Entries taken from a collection
....
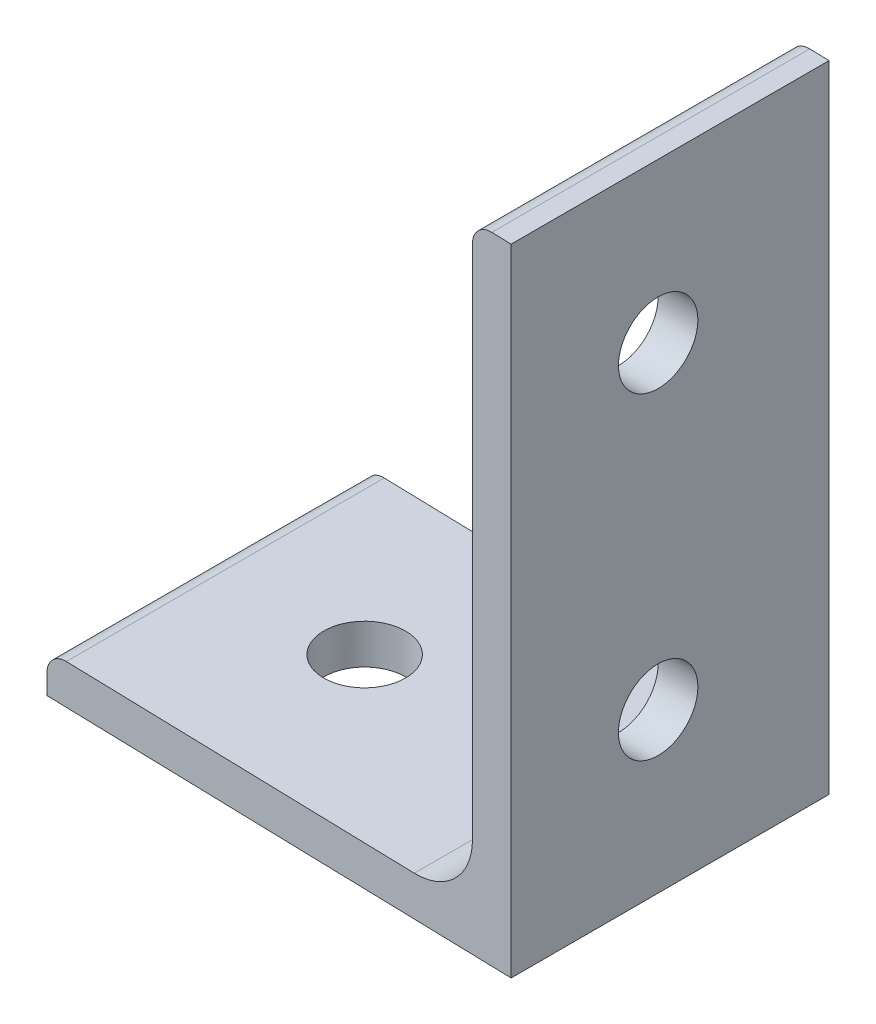
SolidWorks part; units mm, degrees
ref_plane "Front Plane" through (0, 0, 0) normal (0, 0, 1) x (1, 0, 0)
ref_plane "Top Plane" through (0, 0, 0) normal (0, 1, 0) x (1, 0, 0)
ref_plane "Right Plane" through (0, 0, 0) normal (1, 0, 0) x (0, 0, -1)
sketch "Sketch0" plane through (0, 0, 0) normal (0, 0, 1) x (1, 0, 0)
  line L0 (-19.05, -25.4) -> (19.05, -25.4)
  line L1 (19.05, -25.4) -> (19.05, 25.4)
  line L2 (19.05, 0) -> (0, 0) construction
  line L3 (0, 0) -> (0, -25.4) construction
  line L4 (15.875, -17.4498) -> (15.875, 25.4) construction
  line L5 (11.0998, -22.225) -> (-19.05, -22.225) construction
  arc A0 (15.875, -17.4498) -> (11.0998, -22.225) centre (11.0998, -17.4498) cw
  point P3 (14.4764, -20.8264)
  dimension "Inside Corner Radius" = 4.7752
  dimension "Outside Height" = 50.8
  dimension "Inside Height" = 47.625
  dimension "Inside Width" = 34.925
  dimension "Wall Thickness" = 3.175
  dimension "D1" = 3.175
  dimension "Outside Width" = 38.1
sketch "Sketch1" plane through (0, 0, 0) normal (1, 0, 0) x (0, 0, -1)
  line L0 (15.875, 0) -> (-15.875, 0)
  point P4 (0, 0)
  dimension "Length" = 31.75
sketch "Sketch2" plane through (0, 0, 0) normal (0, 0, 1) x (1, 0, 0)
  line L0 (-19.05, -25.4) -> (19.05, -25.4)
  line L1 (19.05, -25.4) -> (19.05, 25.4)
  line L2 (19.05, 25.4) -> (15.875, 25.4) construction
  line L3 (15.875, 23.8125) -> (15.875, -17.4498)
  line L4 (11.0998, -22.225) -> (-17.4625, -22.225)
  line L5 (-19.05, -25.4) -> (-19.05, -22.225) construction
  line L6 (17.4625, 25.4) -> (19.05, 25.4)
  line L7 (-19.05, -23.8125) -> (-19.05, -25.4)
  line L8 (19.05, 0) -> (0, 0) construction
  line L9 (0, 0) -> (0, -25.4) construction
  arc A0 (15.875, 23.8125) -> (17.4625, 25.4) centre (17.4625, 23.8125) cw
  arc A1 (-19.05, -23.8125) -> (-17.4625, -22.225) centre (-17.4625, -23.8125) cw
  arc A2 (15.875, -17.4498) -> (11.0998, -22.225) centre (11.0998, -17.4498) cw
  dimension "Inside Radius" = 4.7752
  dimension "Height" = 50.8
  dimension "Width" = 38.1
  dimension "Thickness" = 3.175
extrude "Boss-Extrude1" add sketch "Sketch2" along normal mid plane 31.75
sketch "Break Locations" plane through (0, 0, 0) normal (1, 0, 0) x (0, 0, -1)
  line L0 (35.941, 0) -> (-35.941, 0)
  line L1 (-15.875, -25.4) -> (-15.875, 25.4) construction
  line L2 (15.875, -25.4) -> (15.875, 25.4) construction
  point P0 (27.305, 0)
  point P1 (-27.305, 0)
  point P10 (0, 0)
  point P11 (-35.941, 0)
  point P13 (35.941, 0)
  dimension "D1" = 43.18
  dimension "D2" = 43.18
  dimension "D3" = 51.816
sketch "Sketch3" plane through (0, -25.4, 0) normal (0, -1, 0) x (1, 0, 0)
  line L1 (19.05, 15.875) -> (19.05, -15.875) construction
  line L6 (19.05, 0) -> (5.5904, 0) construction
  line L7 (19.05, -10.4842) -> (19.05, 14.9245)
  line L8 (-18.3851, -11.4645) -> (19.05, -10.4842)
  line L9 (-19.05, 13.9268) -> (-18.3851, -11.4645)
  line L10 (-19.05, 13.9268) -> (19.05, 14.9245)
sketch "Sketch4" plane through (19.05, 0, 0) normal (1, 0, 0) x (0, 0, -1)
  line L0 (-15.875, -25.4) -> (-3.175, -25.4) construction
  line L1 (-15.875, -25.4) -> (15.875, -25.4) construction
  line L2 (-3.175, -25.4) -> (-3.175, -12.7) construction
  line L3 (-3.175, -12.7) -> (-3.175, 12.7) construction
  circle A0 centre (-3.175, 12.7) radius 3.175
  circle A1 centre (-3.175, -12.7) radius 3.175
  dimension "D1" = 12.7
  dimension "D2" = 12.7
  dimension "D3" = 25.4
extrude "Cut-Extrude1" cut sketch "Sketch4" against normal through all
extrude "Cut-Extrude2" cut sketch "Sketch3" against normal through all flip side to cut
hole_wizard "1/4 Clearance Hole1" positions "Sketch7" profile "Sketch8" hole size "1/4" standard "ANSI Inch" end condition through all
sketch "Sketch7" plane through (0, -25.4, 0) normal (0, -1, 0) x (-1, 0, 0)
  point P4 (6.0219, -1.5636)
sketch "Sketch8" plane through (-6.0219, -25.4, 1.5636) normal (1, 0, 0) x (0, 0, -1)
  line L0 (0, 0) -> (0, 50.8)
  line L1 (0, 50.8) -> (3.2639, 50.8)
  line L2 (3.2639, 50.8) -> (3.2639, 0)
  line L5 (3.2639, 0) -> (0, 0)
  line L11 (0, -6.35) -> (0, 107.95) construction
  dimension "Thru Hole Dia." = 6.5278
  dimension "Thru Hole Depth" = 50.8
equation "\"D1@Break Locations\" = .85 * \"Height@Sketch2\""
equation "\"D2@Break Locations\"=\"D1@Break Locations\""
equation "\"Thickness@Sketch2\"=\"wall thickness@sketch0\""
equation "\"Height@Sketch2\"=\"outside height@sketch0\""
equation "\"Width@Sketch2\"=\"outside width@sketch0\""
equation "\"Inside Radius@Sketch2\"=\"inside corner radius@sketch0\""
equation "\"Length@Boss-Extrude1\"=\"length@sketch1\""
equation "\"D3@Break Locations\"=\"D2@Break Locations\"*1.2"
equation "\"D1@Sketch0\"=\"Wall Thickness@Sketch0\""
....
[PROBLEM STATEMENT] For the lines above, output exactly those from the line containing "line L1 (19.05, 15.875)" through the line containing "condition through all", and skip the others.

[SOLUTION TO THIS TASK]
  line L1 (19.05, 15.875) -> (19.05, -15.875) construction
  line L6 (19.05, 0) -> (5.5904, 0) construction
  line L7 (19.05, -10.4842) -> (19.05, 14.9245)
  line L8 (-18.3851, -11.4645) -> (19.05, -10.4842)
  line L9 (-19.05, 13.9268) -> (-18.3851, -11.4645)
  line L10 (-19.05, 13.9268) -> (19.05, 14.9245)
sketch "Sketch4" plane through (19.05, 0, 0) normal (1, 0, 0) x (0, 0, -1)
  line L0 (-15.875, -25.4) -> (-3.175, -25.4) construction
  line L1 (-15.875, -25.4) -> (15.875, -25.4) construction
  line L2 (-3.175, -25.4) -> (-3.175, -12.7) construction
  line L3 (-3.175, -12.7) -> (-3.175, 12.7) construction
  circle A0 centre (-3.175, 12.7) radius 3.175
  circle A1 centre (-3.175, -12.7) radius 3.175
  dimension "D1" = 12.7
  dimension "D2" = 12.7
  dimension "D3" = 25.4
extrude "Cut-Extrude1" cut sketch "Sketch4" against normal through all
extrude "Cut-Extrude2" cut sketch "Sketch3" against normal through all flip side to cut
hole_wizard "1/4 Clearance Hole1" positions "Sketch7" profile "Sketch8" hole size "1/4" standard "ANSI Inch" end condition through all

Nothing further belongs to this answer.